Omega Protein signals intention to exceed Chesapeake Bay menhaden cap

Omega Protein, which recently attained MSC certification for the Atlantic menhaden fishery, has signaled it will likely exceed a cap for the species in the Chesapeake Bay. 

The cap was initially suggested by the Atlantic States Marine Fishery Commission (ASMFC) in 2006, and was modified in 2012 to a 87,216 metric ton (MT) quota. However, in 2017, the ASMFC recommended cutting the cap by over 40 percent to 51,000 MT, a decision that Omega Protein objected to. 

That led to a conflict between Omega Protein, the state of Virginia, and the ASMFC. The menhaden fishery in Virginia is unique, in that the state can decide the quota in the Chesapeake Bay. It did just that in 2018, when the state legislature decided not to codify the ASMFC’s recommendation of a quota cut in the bay to 51,000 MT, which then had the ASMFC put the state on notice, a decision that Omega Protein was critical of.  

Despite the state being put on notice, the ASMFC tabled any action on Virginia’s noncompliance with the suggested quota, and the council later suspended taking any action against Virginia entirely.

Throughout the back-and-forth, Omega Protein has asserted that the quotas were never based on science, and that the initial quotas were political compromises. 

“The ASMFC's Bay cap was initially implemented in 2006 at just over 109,000 metric tons (mt) as a political compromise, not as a scientific necessity,” wrote Omega Protein in a release addressing their anticipation of exceeding the Chesapeake Bay limits. “The ASMFC wrote at the time that the cap was "precautionary and not based on a scientifically quantified harvest threshold, fishery health index, or fishery population level study."”

The season this year, Omega Protein states, has had adverse conditions for fishermen outside of the bay. Those poor conditions have coincided with an “abundance of menhaden in the bay,” leading to the likelihood of exceeding the 51,000 MT recommendation. 

“Omega Protein has great respect for the ASMFC, its commissioners and its staff. But this was a rare situation in which the Commission made an unscientific and arbitrary recommendation, which would have resulted in either forced, unsafe fishing conditions or economic hardship for hardworking fishing families,” Omega Protein wrote. “. Risking our employees' safety is never a choice we will make. With our employees' livelihoods and the economic well-being of Reedville, Virginia and the surrounding Northern Neck region on the line, shutting down operations was not a viable alternative.”

The commission, however, contests Omega Protein’s assertion that the quota was entirely political. 

“I would contest it wasn’t arbitrary number, it was actually based on the five-year average of previous fishery performance, or landings, by the reduction fishery in the bay,” Tina Berger, the director of communications for the commission, told SeafoodSource. 

Setting the menhaden cap has been a challenge the commission has been grappling with for over a decade. When amendment 3 – which initially set the caps for the Chesapeake Bay – was in the works, the commission received “over 100,000 comments,” according to Berger. 

Creating an accurate quota for the bay may become easier in the coming months, as the species is under two different stock assessments: One taking the species on its own and one using ecological reference points. The ASMFC will meet in October and will get an update on both assessments, and once all assessments are complete the board will have more scientific data on which to base any future decisions. 

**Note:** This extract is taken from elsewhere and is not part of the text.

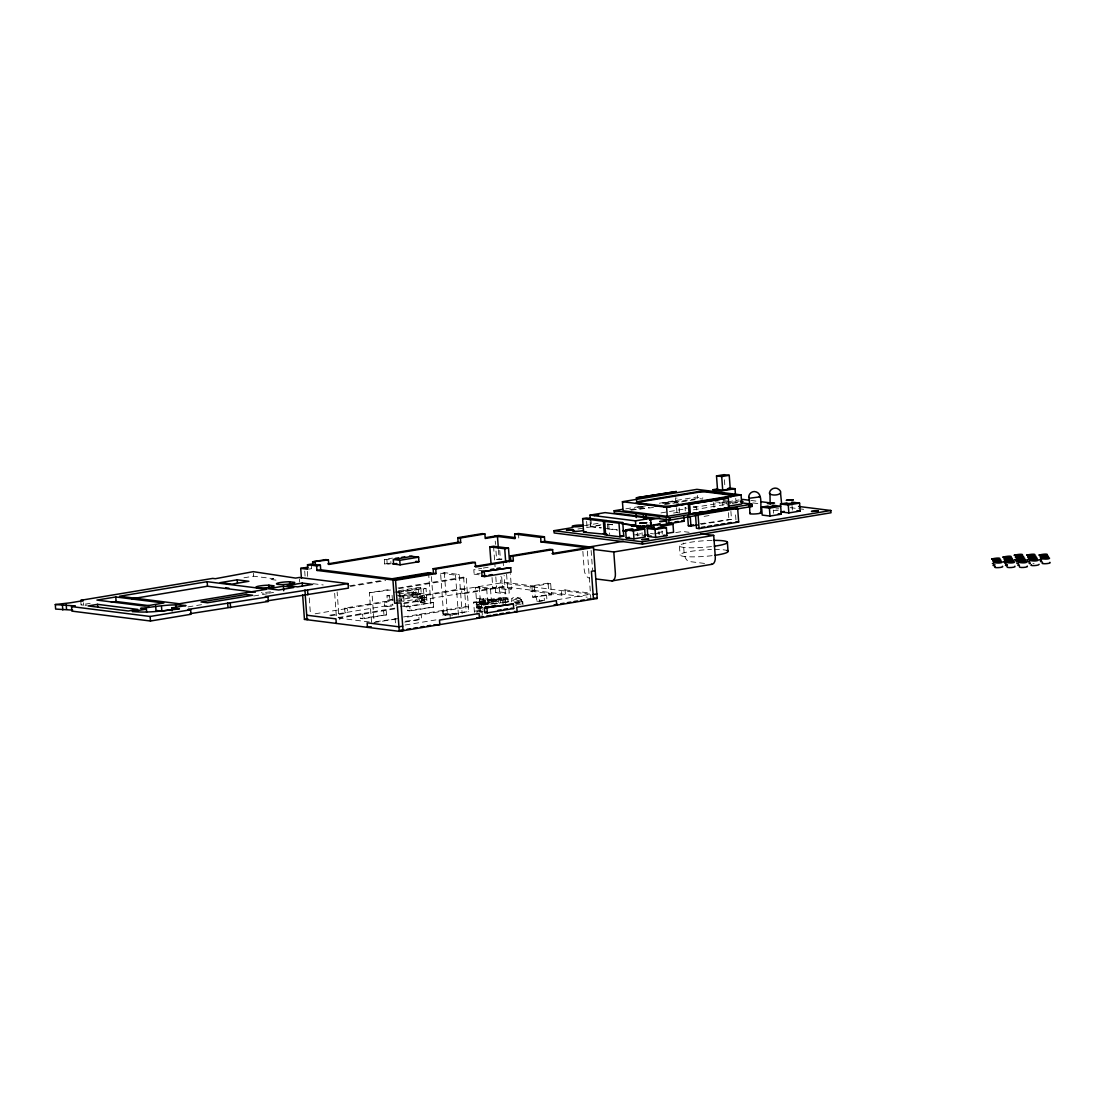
<?xml version="1.0" encoding="UTF-8"?>
<svg xmlns="http://www.w3.org/2000/svg" width="1106" height="1106" viewBox="0 0 1106 1106"><rect width="100%" height="100%" fill="white"/><g stroke="black" fill="none" stroke-linecap="round" stroke-linejoin="round"><path stroke-width="0.75" stroke-dasharray="5 3.75" d="M482.852 607.235C466.442 609.517 484.317 593.48 485.783 604.858M477.515 604.388L486.654 603.627L477.515 604.388L478.096 610.623L483.294 611.272M476.755 607.125L482.147 606.074M485.548 601.83L476.423 602.59M487.953 603.738C485.175 597.752 500.935 597.475 497.202 604.498M496.87 599.964L487.732 600.71M499.387 603.378C494.576 596.756 510.129 595.028 508.401 601.097M508.179 598.083L499.041 598.83M511.677 601.775C510.557 590.507 531.502 602.991 515.52 603.572M520.58 597.987L511.456 598.747M521.673 599.784C499.995 604.636 524.949 592.94 522.004 604.318M514.069 601.982L522.765 601.567L514.442 602.576M489.986 604.125L497.465 603.226M500.465 602.839L507.709 602.369M625.844 508.815L642.586 506.036M659.314 503.244L696.144 497.133L702.904 497.99M645.517 505.926L637.111 507.322L645.13 506.368M662.314 503.133L677.052 501.059L676.831 497.894M663.614 503.299L677.052 501.059M629.867 509.659L645.102 507.129M665.411 503.755L697.568 498.419L702.656 499.055M631.042 510.239L649.194 507.419M664.512 504.682L671.204 503.576M672.877 503.299L696.31 499.4L696.144 497.133M653.48 507.46L635.687 509.659M80.752 600.309L81.084 604.844L91.231 603.157M243.956 577.788L253.578 576.198L273.707 578.728L269.933 579.364L279.68 580.581M309.099 569.065L311.615 568.636L311.284 564.101M584.549 525.613L601.54 522.792M660.973 512.921L667.775 511.788M669.462 511.511L686.453 508.691M693.241 507.557L739.098 499.94M384.294 559.47L390.667 559.166L390.999 563.701L387.224 564.323L384.625 564.005L384.294 559.47L392.547 558.101M590.59 523.235L590.825 526.47L600.876 524.797M590.162 521.603L590.535 526.705L591.475 526.553L590.977 519.751M612.6 524.534L606.558 524.05L612.641 524.811M577.926 529.014L605.093 524.493M673.54 513.018L681.517 511.802M693.407 509.825L730.776 503.631M732.476 503.341L737.564 502.497M384.625 564.005L391.22 562.913M704.093 516.378L709.126 515.548M268.634 593.231L277.012 591.834M188.02 606.904L201.513 604.664M253.772 595.982L267.251 593.742L262.136 593.106M636.088 534.502L642.558 533.424M700.167 523.76L731.481 519.322L730.9 511.387M701.08 524.368L731.481 519.322M495.972 551.065L496.58 559.373L502.954 559.069L503.437 565.705M657.697 532.622L665.771 531.281M496.58 559.373L502.954 559.069M349.455 585.834L381.432 580.526M350.367 586.443L385.718 580.567M675.752 532.58L682.526 531.461L689.093 532.29M452.672 615.226L443.575 614.079L440.575 573.254L444.349 572.631L459.28 574.512L462.156 613.636M478.511 568.857L481.663 568.332M483.225 568.069L489.516 567.019M440.575 573.254L455.52 575.134L459.28 574.512M483.82 570.89L473.81 569.631L474.142 574.166L480.419 573.129M397.704 618.669L371.547 622.249L369.376 592.775L391.261 589.139M397.994 588.019L463.635 577.111L466.234 577.443L468.737 611.466L445.165 615.378L442.566 615.047L442.234 610.512L444.833 610.844L445.165 615.378M369.376 592.775L390.487 590.023M398.907 588.627L466.234 577.443M398.423 590.784L418.22 587.493L426.004 588.475L427.013 602.079L420.639 602.383L419.976 593.3L401.119 596.438L401.45 600.973L397.69 601.595M394.427 592.194L420.819 587.811L421.815 601.429L415.441 601.719L414.778 592.65L397.496 595.526M398.672 592.249L423.404 588.143L424.414 601.747L427.013 602.079M397.013 592.526L426.004 588.475M393.667 599.991L387.294 600.295L386.962 595.761L391.911 594.931M398.506 593.839L415.953 591.696L416.285 596.231L412.51 596.867L412.179 592.318L415.953 591.696M400.095 595.844L417.377 592.982L418.04 602.051M398.519 596.106L403.718 596.77L422.575 593.632L423.239 602.701M387.294 600.295L392.243 599.466M398.837 598.374L416.285 596.231M344.643 608.134L347.243 608.466L347.574 613L344.975 612.669L344.643 608.134L384.238 601.553L386.837 601.885L387.169 606.42L395.423 605.812M421.939 595.291L424.538 595.622L424.87 600.157L422.271 599.825L421.939 595.291L461.52 588.724L464.119 589.042L464.465 593.59L504.986 586.857L504.142 575.41M315.155 613.789L392.492 600.945M396.266 600.323L415.109 597.185M488.672 603.793L488.327 599.258L484.566 599.881L476.368 598.844L475.525 587.507L479.299 586.885L490.47 588.281L491.299 599.632L484.94 599.922L485.271 604.457L489.046 603.835L488.7 599.3L484.94 599.922M417.709 597.517L421.483 596.894M420.308 597.848L424.082 597.212M492.032 577.498L492.778 587.701L496.553 587.079L511.497 588.959L510.364 573.641M475.525 587.507L486.695 588.917L490.47 588.281M329.782 615.199L392.768 604.733M404.243 602.825L502.387 586.526L587.175 597.199M330.694 615.807L347.574 613M403.566 603.696L424.87 600.157M420.639 602.383L424.414 601.747M400.621 606.461L404.381 605.839L403.718 596.77M338.146 617.563L395.381 608.051M403.787 606.655L433.317 602.507L403.026 607.54M492.778 587.701L507.723 589.581L511.497 588.959M548.078 583.152L531.875 585.848L532.705 597.185L551.507 594.821L550.677 583.484L548.078 583.152L548.922 594.489L551.507 594.821M394.607 608.936L339.058 618.171L337.136 591.959M499.483 591.945L499.152 587.397L495.377 588.033L495.709 592.567L499.483 591.945L509.23 593.162L508.898 588.627L505.124 589.249L505.456 593.798L509.23 593.162M398.851 600.641L404.049 601.305L426.681 597.544L418.884 596.563L504.654 582.309L534.475 586.18L550.677 583.484M476.368 598.844L480.128 598.222L488.327 599.258M386.533 614.867L362.962 618.793L362.63 614.245L360.031 613.927L360.362 618.461L386.533 614.867L386.188 610.332L383.588 610.014L383.934 614.549M433.649 607.042L410.091 610.954L409.759 606.42L407.16 606.102L407.492 610.636L433.649 607.042L431.409 576.42M530.451 591.157L534.212 590.535L533.88 586L530.12 586.622L530.451 591.157L561.627 595.083L565.401 594.461L565.055 589.927L561.295 590.549L561.627 595.083M474.419 612.378L473.658 602.176L500.05 597.793L507.848 598.775L508.096 602.176M473.658 602.176L481.456 603.157L507.848 598.775M479.741 599.272L480.073 603.807L483.847 603.185L483.516 598.65L479.368 599.217L479.7 603.765L489.046 603.835M403.524 616.941L465.806 606.6L468.391 606.931L404.437 617.549M396.017 618.945L374.146 622.581L371.975 593.092M496.622 602.964L477.764 606.088L482.963 606.738M532.705 597.185L548.922 594.489M494.506 604.07L497.645 603.544M443.575 614.079L447.349 613.457L459.681 615.005M405.543 621.199L421.607 619.291L421.262 614.756L418.676 614.424L419.008 618.959M442.566 615.047L468.737 611.466M404.768 622.084L421.607 619.291M474.336 611.245L482.81 609.835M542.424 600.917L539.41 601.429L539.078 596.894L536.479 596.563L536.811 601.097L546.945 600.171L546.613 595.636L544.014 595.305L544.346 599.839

Those decisions, however, will still be anything but easy. 

“This is not going to be an easy decision, and I don’t see a clear consensus for one path or the other,” Berger said. 

As for the current move by Omega Protein to exceed the 51,000 MT cap, the ASMFC’s future actions have a few paths forward. 

“There’s two decision points they have, or two possible actions they could take, one would be to initiate a non-compliance finding. The other would be to delay further action until February until they have those assessments in front of them,” Berger said. 

If a non-compliance finding is initiated, whether anything comes from it is also still an unknown. 

“We have no control over how the secretary of commerce will respond if we move forward with a noncompliance finding,” Berger said. 

Despite asserting it will exceed the current 51,000 MT cap, Omega Protein has maintained it will stay underneath Virginia’s current cap of 87,216 MT.